Aku mengangguk, meski masih merasa sepi di dalam hati. Namun, saat Mbah Ibu bercerita tentang kisah hidupnya, rasa sepi itu perlahan-lahan hilang. Mbah Ibu adalah sahabatku, guru hidupku, dan tempatku kembali ketika rindu datang.
Seiring waktu, aku mulai mengerti arti rumah bukan hanya tentang bangunan, tetapi tentang cinta yang ada di dalamnya. Mbah Ibu mengajarkanku banyak hal, dari berkebun dan bertanam hingga menghargai setiap momen kecil. Dia tidak hanya menjadi mbah bagiku, tetapi juga sosok yang menuntun dan mengajarkan makna kehidupan.
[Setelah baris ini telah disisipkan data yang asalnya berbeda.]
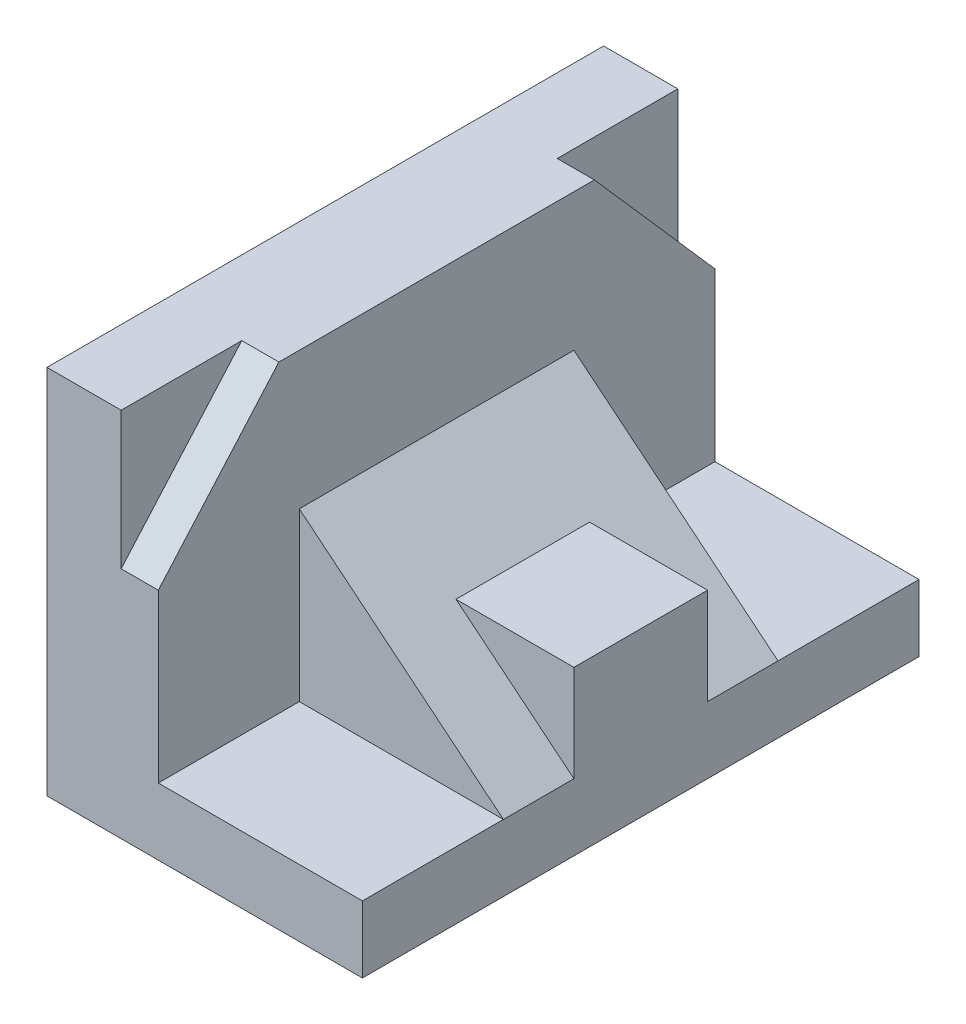
ISO-10303-21;
HEADER;
FILE_DESCRIPTION(('STEP AP214'),'2;1');
FILE_NAME('part.step','',(''),(''),'','','');
FILE_SCHEMA(('AUTOMOTIVE_DESIGN { 1 0 10303 214 1 1 1 1 }'));
ENDSEC;
DATA;
#1=APPLICATION_CONTEXT('core data for automotive mechanical design processes');
#2=APPLICATION_PROTOCOL_DEFINITION('international standard','automotive_design',2000,#1);
#3=PRODUCT_CONTEXT('',#1,'mechanical');
#4=PRODUCT('Part','Part','',(#3));
#5=PRODUCT_RELATED_PRODUCT_CATEGORY('part','',(#4));
#6=PRODUCT_DEFINITION_FORMATION('','',#4);
#7=PRODUCT_DEFINITION_CONTEXT('part definition',#1,'design');
#8=PRODUCT_DEFINITION('design','',#6,#7);
#9=PRODUCT_DEFINITION_SHAPE('','',#8);
#10=(LENGTH_UNIT() NAMED_UNIT(*) SI_UNIT(.MILLI.,.METRE.));
#11=(NAMED_UNIT(*) PLANE_ANGLE_UNIT() SI_UNIT($,.RADIAN.));
#12=(NAMED_UNIT(*) SI_UNIT($,.STERADIAN.) SOLID_ANGLE_UNIT());
#13=UNCERTAINTY_MEASURE_WITH_UNIT(LENGTH_MEASURE(1.E-05),#10,'distance_accuracy_value','');
#14=(GEOMETRIC_REPRESENTATION_CONTEXT(3) GLOBAL_UNCERTAINTY_ASSIGNED_CONTEXT((#13)) GLOBAL_UNIT_ASSIGNED_CONTEXT((#10,
#11,#12)) REPRESENTATION_CONTEXT('',''));
#15=CARTESIAN_POINT('',(0.,0.,0.));
#16=DIRECTION('',(0.,0.,1.));
#17=DIRECTION('',(1.,0.,0.));
#18=AXIS2_PLACEMENT_3D('',#15,#16,#17);
#19=CARTESIAN_POINT('',(-19.0655605518411,0.,0.));
#20=DIRECTION('',(1.,0.,0.));
#21=DIRECTION('',(0.,0.,-1.));
#22=AXIS2_PLACEMENT_3D('',#19,#20,#21);
#23=PLANE('',#22);
#24=DIRECTION('',(0.,-1.,0.));
#25=VECTOR('',#24,1.);
#26=CARTESIAN_POINT('',(-19.065560551841,100.,29.6907665505226));
#27=LINE('',#26,#25);
#28=CARTESIAN_POINT('',(-19.065560551841,100.,29.6907665505226));
#29=VERTEX_POINT('',#28);
#30=CARTESIAN_POINT('',(-19.065560551841,63.,29.6907665505226));
#31=VERTEX_POINT('',#30);
#32=EDGE_CURVE('E173',#29,#31,#27,.T.);
#33=ORIENTED_EDGE('',*,*,#32,.T.);
#34=DIRECTION('',(0.,-0.751317435494103,0.659940990636712));
#35=VECTOR('',#34,1.);
#36=CARTESIAN_POINT('',(-19.0655605518411,100.,-2.80923344947735));
#37=LINE('',#36,#35);
#38=CARTESIAN_POINT('',(-19.0655605518411,100.,-2.80923344947735));
#39=VERTEX_POINT('',#38);
#40=EDGE_CURVE('E186',#39,#31,#37,.T.);
#41=ORIENTED_EDGE('',*,*,#40,.F.);
#42=DIRECTION('',(0.,0.,1.));
#43=VECTOR('',#42,1.);
#44=CARTESIAN_POINT('',(-19.065560551841,100.,29.6907665505226));
#45=LINE('',#44,#43);
#46=EDGE_CURVE('E196',#39,#29,#45,.T.);
#47=ORIENTED_EDGE('',*,*,#46,.T.);
#48=EDGE_LOOP('',(#33,#41,#47));
#49=FACE_BOUND('',#48,.T.);
#50=ADVANCED_FACE('F41',(#49),#23,.T.);
#51=CARTESIAN_POINT('',(-19.0655605518411,100.,-120.309233449477));
#52=VERTEX_POINT('',#51);
#53=CARTESIAN_POINT('',(-19.0655605518411,100.,-87.8092334494774));
#54=VERTEX_POINT('',#53);
#55=EDGE_CURVE('E57',#52,#54,#45,.T.);
#56=ORIENTED_EDGE('',*,*,#55,.T.);
#57=DIRECTION('',(0.,0.751317435494103,0.659940990636712));
#58=VECTOR('',#57,1.);
#59=CARTESIAN_POINT('',(-19.0655605518411,100.,-87.8092334494774));
#60=LINE('',#59,#58);
#61=CARTESIAN_POINT('',(-19.0655605518411,63.,-120.309233449477));
#62=VERTEX_POINT('',#61);
#63=EDGE_CURVE('E170',#62,#54,#60,.T.);
#64=ORIENTED_EDGE('',*,*,#63,.F.);
#65=DIRECTION('',(0.,1.,0.));
#66=VECTOR('',#65,1.);
#67=CARTESIAN_POINT('',(-19.0655605518411,100.,-120.309233449477));
#68=LINE('',#67,#66);
#69=EDGE_CURVE('E61',#62,#52,#68,.T.);
#70=ORIENTED_EDGE('',*,*,#69,.T.);
#71=EDGE_LOOP('',(#56,#64,#70));
#72=FACE_BOUND('',#71,.T.);
#73=ADVANCED_FACE('F383',(#72),#23,.T.);
#74=CARTESIAN_POINT('',(0.,100.,0.));
#75=DIRECTION('',(0.,1.,0.));
#76=DIRECTION('',(0.,0.,1.));
#77=AXIS2_PLACEMENT_3D('',#74,#75,#76);
#78=PLANE('',#77);
#79=DIRECTION('',(1.,0.,0.));
#80=VECTOR('',#79,1.);
#81=CARTESIAN_POINT('',(-39.0655605518411,100.,29.6907665505226));
#82=LINE('',#81,#80);
#83=CARTESIAN_POINT('',(-39.0655605518411,100.,29.6907665505226));
#84=VERTEX_POINT('',#83);
#85=EDGE_CURVE('E259',#84,#29,#82,.T.);
#86=ORIENTED_EDGE('',*,*,#85,.T.);
#87=ORIENTED_EDGE('',*,*,#46,.F.);
#88=DIRECTION('',(-1.,0.,0.));
#89=VECTOR('',#88,1.);
#90=CARTESIAN_POINT('',(-9.06556055184105,100.,-2.80923344947735));
#91=LINE('',#90,#89);
#92=CARTESIAN_POINT('',(-9.06556055184105,100.,-2.80923344947735));
#93=VERTEX_POINT('',#92);
#94=EDGE_CURVE('E174',#93,#39,#91,.T.);
#95=ORIENTED_EDGE('',*,*,#94,.F.);
#96=DIRECTION('',(0.,0.,1.));
#97=VECTOR('',#96,1.);
#98=CARTESIAN_POINT('',(-9.06556055184105,100.,-2.80923344947735));
#99=LINE('',#98,#97);
#100=CARTESIAN_POINT('',(-9.06556055184108,100.,-87.8092334494774));
#101=VERTEX_POINT('',#100);
#102=EDGE_CURVE('E158',#101,#93,#99,.T.);
#103=ORIENTED_EDGE('',*,*,#102,.F.);
#104=DIRECTION('',(-1.,0.,0.));
#105=VECTOR('',#104,1.);
#106=CARTESIAN_POINT('',(-9.06556055184108,100.,-87.8092334494774));
#107=LINE('',#106,#105);
#108=EDGE_CURVE('E168',#101,#54,#107,.T.);
#109=ORIENTED_EDGE('',*,*,#108,.T.);
#110=ORIENTED_EDGE('',*,*,#55,.F.);
#111=DIRECTION('',(-1.,0.,0.));
#112=VECTOR('',#111,1.);
#113=CARTESIAN_POINT('',(-39.0655605518411,100.,-120.309233449477));
#114=LINE('',#113,#112);
#115=CARTESIAN_POINT('',(-39.0655605518411,100.,-120.309233449477));
#116=VERTEX_POINT('',#115);
#117=EDGE_CURVE('E267',#52,#116,#114,.T.);
#118=ORIENTED_EDGE('',*,*,#117,.T.);
#119=DIRECTION('',(0.,0.,1.));
#120=VECTOR('',#119,1.);
#121=CARTESIAN_POINT('',(-39.0655605518411,100.,-120.309233449477));
#122=LINE('',#121,#120);
#123=EDGE_CURVE('E263',#116,#84,#122,.T.);
#124=ORIENTED_EDGE('',*,*,#123,.T.);
#125=EDGE_LOOP('',(#86,#87,#95,#103,#109,#110,#118,#124));
#126=FACE_BOUND('',#125,.T.);
#127=ADVANCED_FACE('F177',(#126),#78,.T.);
#128=CARTESIAN_POINT('',(45.934439448159,18.,-82.3092334494773));
#129=DIRECTION('',(-0.633237790257262,-0.773957299203321,0.));
#130=DIRECTION('',(0.773957299203321,-0.633237790257263,0.));
#131=AXIS2_PLACEMENT_3D('',#128,#129,#130);
#132=PLANE('',#131);
#133=DIRECTION('',(0.773957299203321,-0.633237790257263,0.));
#134=VECTOR('',#133,1.);
#135=CARTESIAN_POINT('',(45.934439448159,18.,-27.3092334494773));
#136=LINE('',#135,#134);
#137=CARTESIAN_POINT('',(14.1566616703812,44.,-27.3092334494773));
#138=VERTEX_POINT('',#137);
#139=CARTESIAN_POINT('',(45.934439448159,18.,-27.3092334494773));
#140=VERTEX_POINT('',#139);
#141=EDGE_CURVE('E12',#138,#140,#136,.T.);
#142=ORIENTED_EDGE('',*,*,#141,.F.);
#143=DIRECTION('',(0.,0.,-1.));
#144=VECTOR('',#143,1.);
#145=CARTESIAN_POINT('',(14.1566616703812,44.,-82.3092334494773));
#146=LINE('',#145,#144);
#147=CARTESIAN_POINT('',(14.1566616703812,44.,-63.3092334494773));
#148=VERTEX_POINT('',#147);
#149=EDGE_CURVE('E314',#138,#148,#146,.T.);
#150=ORIENTED_EDGE('',*,*,#149,.T.);
#151=DIRECTION('',(-0.773957299203321,0.633237790257263,0.));
#152=VECTOR('',#151,1.);
#153=CARTESIAN_POINT('',(45.934439448159,18.,-63.3092334494773));
#154=LINE('',#153,#152);
#155=CARTESIAN_POINT('',(45.934439448159,18.,-63.3092334494773));
#156=VERTEX_POINT('',#155);
#157=EDGE_CURVE('E50',#156,#148,#154,.T.);
#158=ORIENTED_EDGE('',*,*,#157,.F.);
#159=DIRECTION('',(0.,0.,1.));
#160=VECTOR('',#159,1.);
#161=CARTESIAN_POINT('',(45.934439448159,18.,-82.3092334494773));
#162=LINE('',#161,#160);
#163=CARTESIAN_POINT('',(45.934439448159,18.,-82.3092334494773));
#164=VERTEX_POINT('',#163);
#165=EDGE_CURVE('E232',#164,#156,#162,.T.);
#166=ORIENTED_EDGE('',*,*,#165,.F.);
#167=DIRECTION('',(0.773957299203321,-0.633237790257262,0.));
#168=VECTOR('',#167,1.);
#169=CARTESIAN_POINT('',(45.934439448159,18.,-82.3092334494773));
#170=LINE('',#169,#168);
#171=CARTESIAN_POINT('',(-9.06556055184108,63.,-82.3092334494773));
#172=VERTEX_POINT('',#171);
#173=EDGE_CURVE('E224',#172,#164,#170,.T.);
#174=ORIENTED_EDGE('',*,*,#173,.F.);
#175=DIRECTION('',(0.,0.,1.));
#176=VECTOR('',#175,1.);
#177=CARTESIAN_POINT('',(-9.06556055184108,63.,-82.3092334494773));
#178=LINE('',#177,#176);
#179=CARTESIAN_POINT('',(-9.06556055184105,63.,-8.30923344947734));
#180=VERTEX_POINT('',#179);
#181=EDGE_CURVE('E237',#172,#180,#178,.T.);
#182=ORIENTED_EDGE('',*,*,#181,.T.);
#183=DIRECTION('',(0.773957299203321,-0.633237790257262,0.));
#184=VECTOR('',#183,1.);
#185=CARTESIAN_POINT('',(45.934439448159,18.,-8.30923344947734));
#186=LINE('',#185,#184);
#187=CARTESIAN_POINT('',(45.934439448159,18.,-8.30923344947734));
#188=VERTEX_POINT('',#187);
#189=EDGE_CURVE('E211',#180,#188,#186,.T.);
#190=ORIENTED_EDGE('',*,*,#189,.T.);
#191=EDGE_CURVE('E228',#140,#188,#162,.T.);
#192=ORIENTED_EDGE('',*,*,#191,.F.);
#193=EDGE_LOOP('',(#142,#150,#158,#166,#174,#182,#190,#192));
#194=FACE_BOUND('',#193,.T.);
#195=ADVANCED_FACE('F325',(#194),#132,.F.);
#196=CARTESIAN_POINT('',(0.,18.,0.));
#197=DIRECTION('',(0.,1.,0.));
#198=DIRECTION('',(0.,0.,1.));
#199=AXIS2_PLACEMENT_3D('',#196,#197,#198);
#200=PLANE('',#199);
#201=DIRECTION('',(0.,0.,-1.));
#202=VECTOR('',#201,1.);
#203=CARTESIAN_POINT('',(45.9344394481589,18.,-120.309233449477));
#204=LINE('',#203,#202);
#205=CARTESIAN_POINT('',(45.934439448159,18.,29.6907665505227));
#206=VERTEX_POINT('',#205);
#207=EDGE_CURVE('E279',#206,#188,#204,.T.);
#208=ORIENTED_EDGE('',*,*,#207,.T.);
#209=DIRECTION('',(1.,0.,0.));
#210=VECTOR('',#209,1.);
#211=CARTESIAN_POINT('',(-9.06556055184106,18.,-8.30923344947734));
#212=LINE('',#211,#210);
#213=CARTESIAN_POINT('',(-9.06556055184106,18.,-8.30923344947734));
#214=VERTEX_POINT('',#213);
#215=EDGE_CURVE('E236',#214,#188,#212,.T.);
#216=ORIENTED_EDGE('',*,*,#215,.F.);
#217=DIRECTION('',(0.,0.,-1.));
#218=VECTOR('',#217,1.);
#219=CARTESIAN_POINT('',(-9.06556055184109,18.,-120.309233449477));
#220=LINE('',#219,#218);
#221=CARTESIAN_POINT('',(-9.06556055184107,18.,29.6907665505227));
#222=VERTEX_POINT('',#221);
#223=EDGE_CURVE('E254',#222,#214,#220,.T.);
#224=ORIENTED_EDGE('',*,*,#223,.F.);
#225=DIRECTION('',(1.,0.,0.));
#226=VECTOR('',#225,1.);
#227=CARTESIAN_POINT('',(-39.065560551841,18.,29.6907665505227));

Suatu hari, ketika aku beranjak remaja, Mbah Ibu jatuh sakit. Aku merasakan ketakutan yang mendalam. Kesedihan melanda ketika melihatnya lemah. Aku berusaha untuk membuatnya tersenyum, mengingat semua cerita indah yang kami bagi. Dengan penuh kasih, aku merawatnya sebaik mungkin, berusaha mengembalikan senyum di wajahnya.
Di saat-saat sulit itu, Mbah Ibu selalu berpesan, "Arun, ingatlah, hidup itu indah meski kadang penuh rintangan. Teruslah bermimpi dan bersyukur."
Kini, meski Mbah Ibu tidak lagi ada, kenangan bersamanya akan selalu hidup dalam hatiku. Setiap senja, aku menatap langit dan mengingat semua pelajaran berharga yang dia ajarkan. Rumah kami, meskipun sederhana, adalah tempat di mana cinta dan kenangan abadi terukir. Dan saat senja tiba, aku merasakan hangatnya cinta Mbah Ibu di setiap jengkal hidupku.